Et si au lieu de sortir du franc CFA dans l’immédiat, pourquoi ne reforme-t-on pas la parité ? Il faut plus de flexibilité dans la politique monétaire et nous pouvons négocier cela avec la France en attendant que nous soyons prêts pour notre propre monnaie ou une monnaie commune. Le dénominateur commun des pays de la Zone est la monnaie, donc il est primordial de ne la remplacer que par quelque chose qui est mieux. Si nous n’avons plus ce franc CFA en commun, cela pourrait nous fragiliser politiquement et cela va avec des conséquences, sommes-nous prêts pour assumer ces conséquences ? Les dirigeants qui sont en place doivent reformer la parité du franc CFA, cette parité n’est pas forcée d’être fixée sur l’euro seulement, elle peut être calculée sur d’autres bases. Think outside the box diraient les Américains, c’est-à-dire de penser autrement, en innovant.

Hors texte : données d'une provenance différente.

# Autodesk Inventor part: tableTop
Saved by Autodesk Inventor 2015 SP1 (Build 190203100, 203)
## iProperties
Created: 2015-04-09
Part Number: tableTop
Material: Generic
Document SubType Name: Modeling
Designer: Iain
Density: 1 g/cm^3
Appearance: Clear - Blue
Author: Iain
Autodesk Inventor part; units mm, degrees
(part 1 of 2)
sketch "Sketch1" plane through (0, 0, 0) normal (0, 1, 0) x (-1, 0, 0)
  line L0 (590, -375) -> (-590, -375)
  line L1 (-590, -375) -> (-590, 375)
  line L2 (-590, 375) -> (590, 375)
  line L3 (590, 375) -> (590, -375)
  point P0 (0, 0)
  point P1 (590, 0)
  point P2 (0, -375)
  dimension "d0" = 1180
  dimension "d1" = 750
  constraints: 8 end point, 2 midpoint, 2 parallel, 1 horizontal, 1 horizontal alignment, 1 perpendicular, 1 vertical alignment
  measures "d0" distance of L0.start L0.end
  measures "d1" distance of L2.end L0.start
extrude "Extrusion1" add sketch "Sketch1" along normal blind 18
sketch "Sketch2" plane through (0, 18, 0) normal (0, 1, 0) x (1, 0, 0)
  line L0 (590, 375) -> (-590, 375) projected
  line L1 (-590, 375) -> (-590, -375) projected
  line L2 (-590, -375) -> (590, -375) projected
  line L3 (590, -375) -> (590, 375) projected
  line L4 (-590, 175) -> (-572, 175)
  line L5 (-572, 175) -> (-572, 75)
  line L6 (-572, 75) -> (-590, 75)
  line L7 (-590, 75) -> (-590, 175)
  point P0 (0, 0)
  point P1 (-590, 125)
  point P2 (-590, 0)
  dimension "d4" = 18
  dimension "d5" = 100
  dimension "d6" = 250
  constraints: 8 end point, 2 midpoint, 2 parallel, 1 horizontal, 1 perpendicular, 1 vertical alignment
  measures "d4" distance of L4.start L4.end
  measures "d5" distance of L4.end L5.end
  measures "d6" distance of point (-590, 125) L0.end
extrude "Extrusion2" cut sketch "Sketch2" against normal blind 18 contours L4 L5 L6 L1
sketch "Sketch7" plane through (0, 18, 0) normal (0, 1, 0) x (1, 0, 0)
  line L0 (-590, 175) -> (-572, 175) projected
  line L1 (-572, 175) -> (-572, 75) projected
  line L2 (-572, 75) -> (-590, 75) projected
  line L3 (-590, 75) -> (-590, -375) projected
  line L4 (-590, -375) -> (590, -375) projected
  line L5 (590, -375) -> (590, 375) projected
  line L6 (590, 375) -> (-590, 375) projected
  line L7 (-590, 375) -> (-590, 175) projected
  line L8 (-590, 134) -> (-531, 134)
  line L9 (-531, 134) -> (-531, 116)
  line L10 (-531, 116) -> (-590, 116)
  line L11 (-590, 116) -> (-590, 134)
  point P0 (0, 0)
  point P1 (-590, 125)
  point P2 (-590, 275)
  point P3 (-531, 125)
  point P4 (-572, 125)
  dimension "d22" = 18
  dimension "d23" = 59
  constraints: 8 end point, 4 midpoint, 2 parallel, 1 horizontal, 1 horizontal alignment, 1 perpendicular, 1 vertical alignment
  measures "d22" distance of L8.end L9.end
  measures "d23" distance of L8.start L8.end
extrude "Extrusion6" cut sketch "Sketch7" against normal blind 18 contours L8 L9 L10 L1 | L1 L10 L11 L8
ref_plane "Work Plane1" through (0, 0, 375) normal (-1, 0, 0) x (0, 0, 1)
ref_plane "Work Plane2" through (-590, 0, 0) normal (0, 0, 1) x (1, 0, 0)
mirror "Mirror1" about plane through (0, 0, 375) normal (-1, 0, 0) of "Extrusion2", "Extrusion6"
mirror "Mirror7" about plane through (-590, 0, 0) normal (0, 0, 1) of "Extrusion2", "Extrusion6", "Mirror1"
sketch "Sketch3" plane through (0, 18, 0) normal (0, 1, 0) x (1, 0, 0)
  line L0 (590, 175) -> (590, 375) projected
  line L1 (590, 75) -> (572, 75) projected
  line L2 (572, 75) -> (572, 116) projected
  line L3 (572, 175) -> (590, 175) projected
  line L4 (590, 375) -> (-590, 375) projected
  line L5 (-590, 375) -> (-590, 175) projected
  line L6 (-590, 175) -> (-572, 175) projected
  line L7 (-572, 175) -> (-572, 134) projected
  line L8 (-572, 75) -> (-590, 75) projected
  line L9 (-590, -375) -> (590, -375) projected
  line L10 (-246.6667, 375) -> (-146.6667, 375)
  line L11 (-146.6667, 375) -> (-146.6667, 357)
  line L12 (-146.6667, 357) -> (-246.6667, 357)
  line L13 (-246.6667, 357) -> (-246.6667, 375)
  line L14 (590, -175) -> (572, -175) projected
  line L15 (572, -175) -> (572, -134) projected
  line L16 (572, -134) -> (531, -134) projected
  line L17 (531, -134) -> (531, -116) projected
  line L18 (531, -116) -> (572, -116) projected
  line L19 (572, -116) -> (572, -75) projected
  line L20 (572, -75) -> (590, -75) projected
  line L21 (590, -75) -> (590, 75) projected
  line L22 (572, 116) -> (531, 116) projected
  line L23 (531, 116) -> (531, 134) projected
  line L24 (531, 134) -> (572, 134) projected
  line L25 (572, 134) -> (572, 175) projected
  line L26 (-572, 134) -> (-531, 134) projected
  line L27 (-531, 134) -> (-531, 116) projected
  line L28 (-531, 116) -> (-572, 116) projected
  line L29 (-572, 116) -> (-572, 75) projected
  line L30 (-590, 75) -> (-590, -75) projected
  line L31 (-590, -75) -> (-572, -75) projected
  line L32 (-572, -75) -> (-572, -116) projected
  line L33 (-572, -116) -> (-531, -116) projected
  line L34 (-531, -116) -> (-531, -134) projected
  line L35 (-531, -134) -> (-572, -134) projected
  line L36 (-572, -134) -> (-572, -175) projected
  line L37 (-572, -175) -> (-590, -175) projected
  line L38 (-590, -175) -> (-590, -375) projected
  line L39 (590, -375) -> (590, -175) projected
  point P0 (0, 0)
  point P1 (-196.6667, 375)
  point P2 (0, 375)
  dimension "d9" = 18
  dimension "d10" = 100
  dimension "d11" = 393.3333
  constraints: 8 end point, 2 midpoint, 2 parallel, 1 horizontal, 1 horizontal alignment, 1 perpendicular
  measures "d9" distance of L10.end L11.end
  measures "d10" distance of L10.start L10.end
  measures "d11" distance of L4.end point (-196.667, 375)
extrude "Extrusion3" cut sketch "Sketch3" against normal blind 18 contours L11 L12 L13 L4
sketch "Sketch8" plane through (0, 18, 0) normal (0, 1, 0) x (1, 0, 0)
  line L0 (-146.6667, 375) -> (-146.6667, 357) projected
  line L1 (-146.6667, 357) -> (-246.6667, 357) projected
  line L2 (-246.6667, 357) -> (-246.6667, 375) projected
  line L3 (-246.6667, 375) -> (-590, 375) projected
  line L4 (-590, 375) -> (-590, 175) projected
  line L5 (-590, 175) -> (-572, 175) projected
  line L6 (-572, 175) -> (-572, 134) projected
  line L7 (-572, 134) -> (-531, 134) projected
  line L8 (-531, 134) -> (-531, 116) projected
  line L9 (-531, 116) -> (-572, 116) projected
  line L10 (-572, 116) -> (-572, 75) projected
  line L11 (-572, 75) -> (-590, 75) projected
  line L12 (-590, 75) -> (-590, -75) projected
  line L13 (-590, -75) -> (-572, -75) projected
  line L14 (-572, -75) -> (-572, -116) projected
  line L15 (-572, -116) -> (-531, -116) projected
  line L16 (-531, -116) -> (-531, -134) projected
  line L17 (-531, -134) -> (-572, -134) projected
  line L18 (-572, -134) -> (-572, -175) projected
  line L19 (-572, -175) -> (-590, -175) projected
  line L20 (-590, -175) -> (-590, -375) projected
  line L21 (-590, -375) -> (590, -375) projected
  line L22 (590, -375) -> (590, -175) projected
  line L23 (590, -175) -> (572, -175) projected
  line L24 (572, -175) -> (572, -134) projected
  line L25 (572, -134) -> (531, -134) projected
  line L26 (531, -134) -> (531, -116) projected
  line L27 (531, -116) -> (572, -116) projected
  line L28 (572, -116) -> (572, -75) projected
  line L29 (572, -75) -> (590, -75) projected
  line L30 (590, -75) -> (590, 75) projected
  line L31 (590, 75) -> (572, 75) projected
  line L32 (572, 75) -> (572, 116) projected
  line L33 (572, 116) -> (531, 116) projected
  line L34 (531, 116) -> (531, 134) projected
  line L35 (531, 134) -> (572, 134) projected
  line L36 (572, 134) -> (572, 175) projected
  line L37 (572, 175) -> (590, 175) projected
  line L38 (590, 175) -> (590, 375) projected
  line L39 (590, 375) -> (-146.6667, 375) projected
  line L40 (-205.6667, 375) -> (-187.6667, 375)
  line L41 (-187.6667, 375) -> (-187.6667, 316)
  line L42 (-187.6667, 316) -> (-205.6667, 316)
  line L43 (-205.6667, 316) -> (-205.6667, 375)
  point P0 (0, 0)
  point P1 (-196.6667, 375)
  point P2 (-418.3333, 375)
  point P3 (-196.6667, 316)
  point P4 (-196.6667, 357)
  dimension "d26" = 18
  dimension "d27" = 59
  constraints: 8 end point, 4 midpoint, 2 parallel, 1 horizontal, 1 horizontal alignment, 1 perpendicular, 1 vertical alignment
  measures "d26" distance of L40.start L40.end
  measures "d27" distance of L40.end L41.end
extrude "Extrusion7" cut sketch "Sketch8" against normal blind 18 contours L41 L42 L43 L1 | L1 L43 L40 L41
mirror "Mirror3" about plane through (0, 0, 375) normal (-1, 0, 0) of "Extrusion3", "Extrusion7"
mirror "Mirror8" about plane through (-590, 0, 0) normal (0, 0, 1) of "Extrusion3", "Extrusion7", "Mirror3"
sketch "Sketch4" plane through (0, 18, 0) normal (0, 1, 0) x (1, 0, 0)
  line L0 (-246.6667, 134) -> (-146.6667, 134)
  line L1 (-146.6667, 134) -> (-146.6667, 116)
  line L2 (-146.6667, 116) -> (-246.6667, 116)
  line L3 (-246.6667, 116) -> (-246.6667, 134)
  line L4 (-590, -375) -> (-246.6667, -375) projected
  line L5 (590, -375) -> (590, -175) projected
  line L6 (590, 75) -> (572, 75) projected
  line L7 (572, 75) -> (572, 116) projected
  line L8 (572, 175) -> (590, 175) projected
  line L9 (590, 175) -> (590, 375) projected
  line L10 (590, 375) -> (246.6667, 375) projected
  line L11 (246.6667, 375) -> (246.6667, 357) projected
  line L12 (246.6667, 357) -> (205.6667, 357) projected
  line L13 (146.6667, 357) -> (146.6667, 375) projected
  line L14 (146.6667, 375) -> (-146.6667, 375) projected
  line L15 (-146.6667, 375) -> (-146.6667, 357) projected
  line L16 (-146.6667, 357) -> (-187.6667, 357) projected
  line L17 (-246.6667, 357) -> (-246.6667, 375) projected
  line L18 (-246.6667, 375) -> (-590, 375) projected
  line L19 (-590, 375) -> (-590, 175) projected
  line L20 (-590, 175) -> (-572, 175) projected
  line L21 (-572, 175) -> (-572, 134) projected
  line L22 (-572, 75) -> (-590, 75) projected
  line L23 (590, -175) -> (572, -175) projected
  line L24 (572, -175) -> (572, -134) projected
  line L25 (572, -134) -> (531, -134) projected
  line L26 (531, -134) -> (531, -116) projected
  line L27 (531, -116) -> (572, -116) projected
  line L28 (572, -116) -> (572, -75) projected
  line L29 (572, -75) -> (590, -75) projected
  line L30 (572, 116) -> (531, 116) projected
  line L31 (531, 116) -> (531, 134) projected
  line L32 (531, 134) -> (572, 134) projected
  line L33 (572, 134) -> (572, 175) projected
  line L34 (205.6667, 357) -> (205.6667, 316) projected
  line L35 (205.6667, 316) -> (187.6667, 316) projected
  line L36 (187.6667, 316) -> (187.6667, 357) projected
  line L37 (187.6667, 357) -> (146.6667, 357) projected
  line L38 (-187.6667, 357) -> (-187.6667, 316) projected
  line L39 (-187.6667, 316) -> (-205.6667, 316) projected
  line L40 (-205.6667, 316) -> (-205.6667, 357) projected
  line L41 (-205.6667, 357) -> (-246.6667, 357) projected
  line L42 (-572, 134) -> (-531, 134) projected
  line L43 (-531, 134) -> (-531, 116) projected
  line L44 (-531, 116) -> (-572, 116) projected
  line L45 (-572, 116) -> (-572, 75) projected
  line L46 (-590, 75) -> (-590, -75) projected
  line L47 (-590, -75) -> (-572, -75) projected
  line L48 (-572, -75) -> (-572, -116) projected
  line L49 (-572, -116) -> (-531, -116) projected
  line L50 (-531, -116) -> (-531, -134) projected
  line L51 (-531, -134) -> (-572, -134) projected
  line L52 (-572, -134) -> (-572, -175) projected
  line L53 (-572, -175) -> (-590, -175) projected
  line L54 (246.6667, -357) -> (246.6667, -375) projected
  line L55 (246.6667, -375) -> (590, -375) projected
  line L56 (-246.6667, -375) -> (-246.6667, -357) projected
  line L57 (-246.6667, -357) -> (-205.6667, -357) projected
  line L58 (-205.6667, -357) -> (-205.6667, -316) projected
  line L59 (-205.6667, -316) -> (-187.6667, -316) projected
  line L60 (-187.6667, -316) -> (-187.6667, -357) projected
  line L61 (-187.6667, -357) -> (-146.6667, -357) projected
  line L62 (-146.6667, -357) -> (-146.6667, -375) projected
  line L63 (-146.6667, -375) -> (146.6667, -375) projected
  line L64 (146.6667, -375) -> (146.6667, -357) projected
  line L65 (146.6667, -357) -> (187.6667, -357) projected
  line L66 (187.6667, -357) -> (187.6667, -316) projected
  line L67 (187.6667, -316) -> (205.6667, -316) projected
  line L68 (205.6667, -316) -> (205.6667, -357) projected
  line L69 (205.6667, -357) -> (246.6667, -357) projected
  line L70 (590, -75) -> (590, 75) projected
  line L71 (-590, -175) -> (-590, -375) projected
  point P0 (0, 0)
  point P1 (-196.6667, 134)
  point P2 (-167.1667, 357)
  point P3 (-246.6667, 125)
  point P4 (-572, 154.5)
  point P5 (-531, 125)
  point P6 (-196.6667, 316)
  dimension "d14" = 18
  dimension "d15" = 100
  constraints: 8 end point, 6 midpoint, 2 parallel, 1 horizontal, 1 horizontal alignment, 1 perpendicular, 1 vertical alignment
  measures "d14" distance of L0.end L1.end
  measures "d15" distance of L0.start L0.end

Pour conclure, nous savons tous, autant les dirigeants africains de la Zone que le France, que le franc CFA est un frein au développement économique des pays membre. Cependant, il y a deux choses à éviter, l’une étant de vouloir sortir sans un bon plan au préalable et l’autre chose étant la prostitution intellectuelle qui n’est rien d’autre que nos dirigeants de dire et de répéter que le franc CFA est une monnaie solide. Non, elle n’est pas une monnaie solide et nous devons sortir de la Zone franc pour nous développer, mais pas d’une manière hâtive et irréfléchie. On dit souvent mieux vaut un ennemi que tu connais qu’un ami que tu ne connais pas.